PRESS RELEASE: 09.30.10 Bioethics Scholars Fault Requirement that All Women in Clinical Drug Trials Use Contraception
Policies on contraceptive use in research should reflect the level of potential risk the study drug poses to the fetus, write Chris Kaposy, an assistant professor of Health Care Ethics at Memorial University of Newfoundland, Canada; and Françoise Baylis, professor and Canada Research Chair in Bioethics and Philosophy at Dalhousie University in Halifax. They point to the U.S. Food and Drug Administration’s categories for prescription drug labeling for drug use in pregnancy as a helpful guide. The FDA has five categories, each with different degrees of evidence of risk to fetuses.
CategoryA, for example, indicates that “adequate, well-controlled studies in pregnant women have not shown increased risk of fetal abnormalities.” And yet the policy of the University of Nebraska Medical Center’s institutional review board – which Kaposy and Baylis reviewed as a typical example of IRB contraceptive use policies – permits researchers to petition the IRB to impose a mandatory contraception or abstinence requirement for trial participants in studies that use Category A drugs. However, the authors argue that an ideal policy for Category A drugs would not require contraception or abstinence.

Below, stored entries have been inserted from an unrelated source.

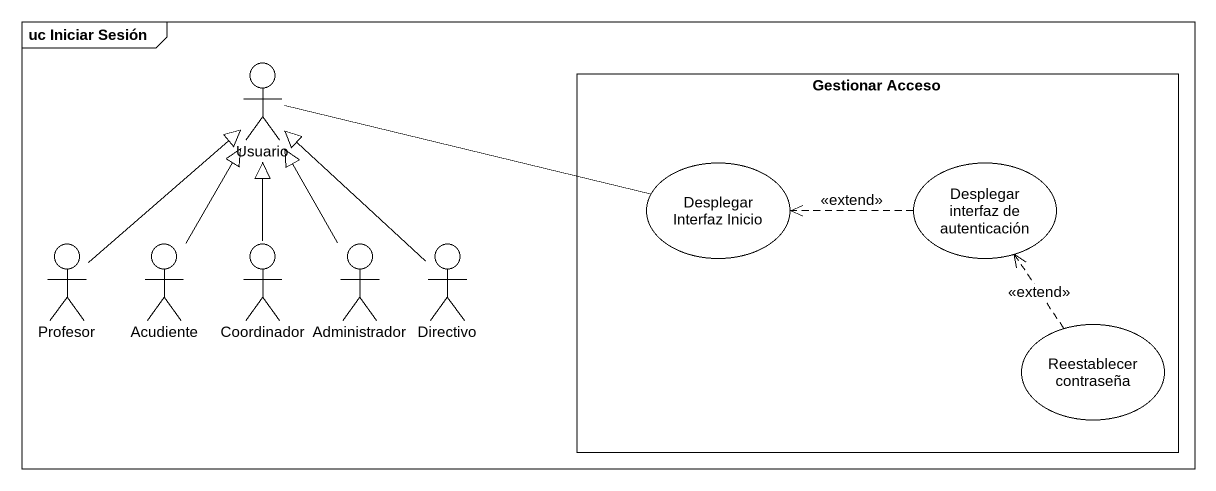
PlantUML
@startuml
mainframe uc Iniciar Sesión
actor Usuario
rectangle "Gestionar Acceso" as Gestionar_Acceso {
  usecase "Desplegar Interfaz Inicio" as Desplegar_Interfaz_Inicio
  usecase "Desplegar interfaz de autenticación" as Desplegar_interfaz_de
  usecase "Reestablecer contraseña" as Reestablecer_contraseña
}
actor Profesor
actor Acudiente
actor Coordinador
actor Administrador
actor Directivo
Desplegar_Interfaz_Inicio -left- Usuario
Desplegar_interfaz_de .left.> Desplegar_Interfaz_Inicio : <<extend>>
Profesor -up-|> Usuario
Acudiente -up-|> Usuario
Coordinador -up-|> Usuario
Administrador -up-|> Usuario
Directivo -up-|> Usuario
Reestablecer_contraseña .up.> Desplegar_interfaz_de : <<extend>>
@enduml

The authors also say that contraception should not be mandated for women who have no chance of becoming pregnant while participating in a clinical drug trial. “Consider, for example, women who are not sexually active (e.g., nuns) or who are not sexually active in a heterosexual relationship (e.g., lesbians),” they write. Mandating contraception for these groups sends “a paternalistic message of mistrust” that undermines the normal practice of treating research participants as autonomous decision-makers.
“Our recommendations are an attempt to find an appropriate balance between the interests of potential fetuses and the autonomy and well-being of women,” they write.